If 2013 was the year that most organizations discovered what Big Data platforms such as Hadoop were all about, then the coming year will be the one in which they discover the applications that turn all that data into something of business value.
Brett Sheppard, director of Big Data marketing for Splunk, says that in terms of Big Data, 2013 was pretty much defined by investments in plumbing. Organizations largely experimented with Big Data platforms only to discover that the cost of acquiring the platform was nothing compared to the cost of the expertise required to actually develop an application that could make sense of all that data.
But with the rise of Big Data applications such as Splunk Analytics for Hadoop, Sheppard says 2014 will be the year that the average business user discovers packaged applications that will substantially reduce the amount of time it takes to get a return on investment in Big Data. Instead of waiting months, even years, for the internal IT organization to create a custom application, Big Data applications will be readily available.

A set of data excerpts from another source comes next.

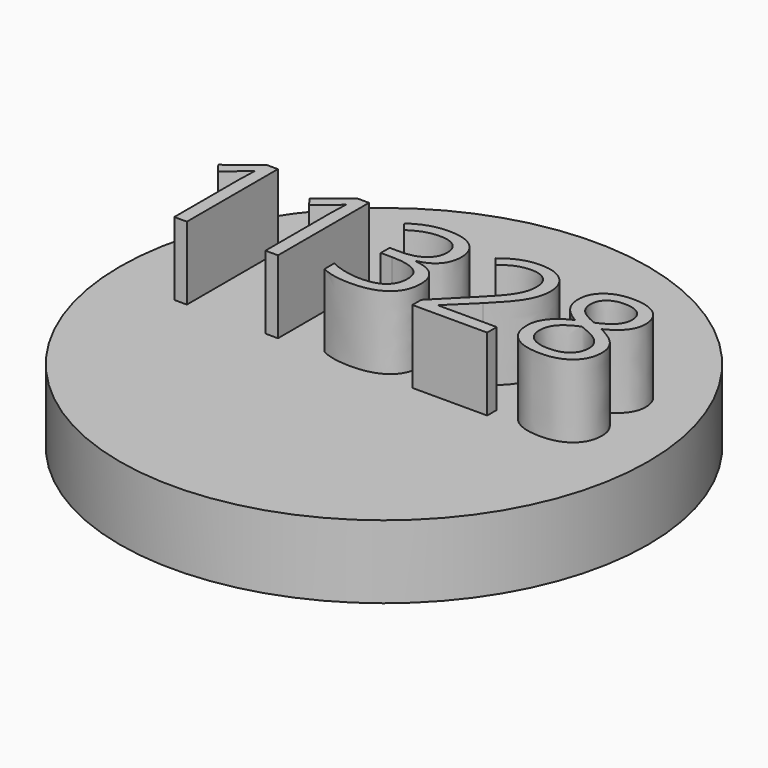
from build123d import *

# Parameters (mm, degrees)
F0_R         = 91.8519390569
F1_DEPTH     = 25.4
F2_TEXT_SIZE = 55.423223724
F3_DEPTH     = 25.4


# Not quite as in the source:
# - Text() gives the source's letters only with a copy of the font that has no kerning and outlines rounded to 1/6400 em; it was checked with that copy


with BuildPart() as f1:
    # F0 (on Top) → F1 (new body)
    with BuildSketch(Plane.XY):
        Circle(F0_R)
    extrude(amount=F1_DEPTH)

    # F2 (on face) → F3 (join)
    with BuildSketch(Plane.XY.offset(25.4)):
        with Locations((-83.0119363964, -6.108882837)):
            Text('11328', F2_TEXT_SIZE, font='Open Sans', text_align=(TextAlign.LEFT, TextAlign.BOTTOM))
    extrude(amount=F3_DEPTH)


solid = f1.part

Those applications, says Sheppard, will substantially reduce the reliance on data scientists, who are not only in short supply but are also fairly expensive to hire. Instead, business users with a sense of curiosity will be able to interactively explore sets of data at will, without having to wait for the IT organization to generate a report.
Whether it involves traditional business applications or a new generation of analytic applications using machine data generated in one way or another by The Internet of Things, Sheppard says we should be able to more easily identify anomalies and predict future events by analyzing the long tail of machine data without necessarily having to understand every nuance of the data lifecycle.
Of course, what will be interesting to see is which businesses in 2014 turn that potential into an actual business advantage. After all, having a new tool is one thing; understanding how to apply it is often quite another thing altogether.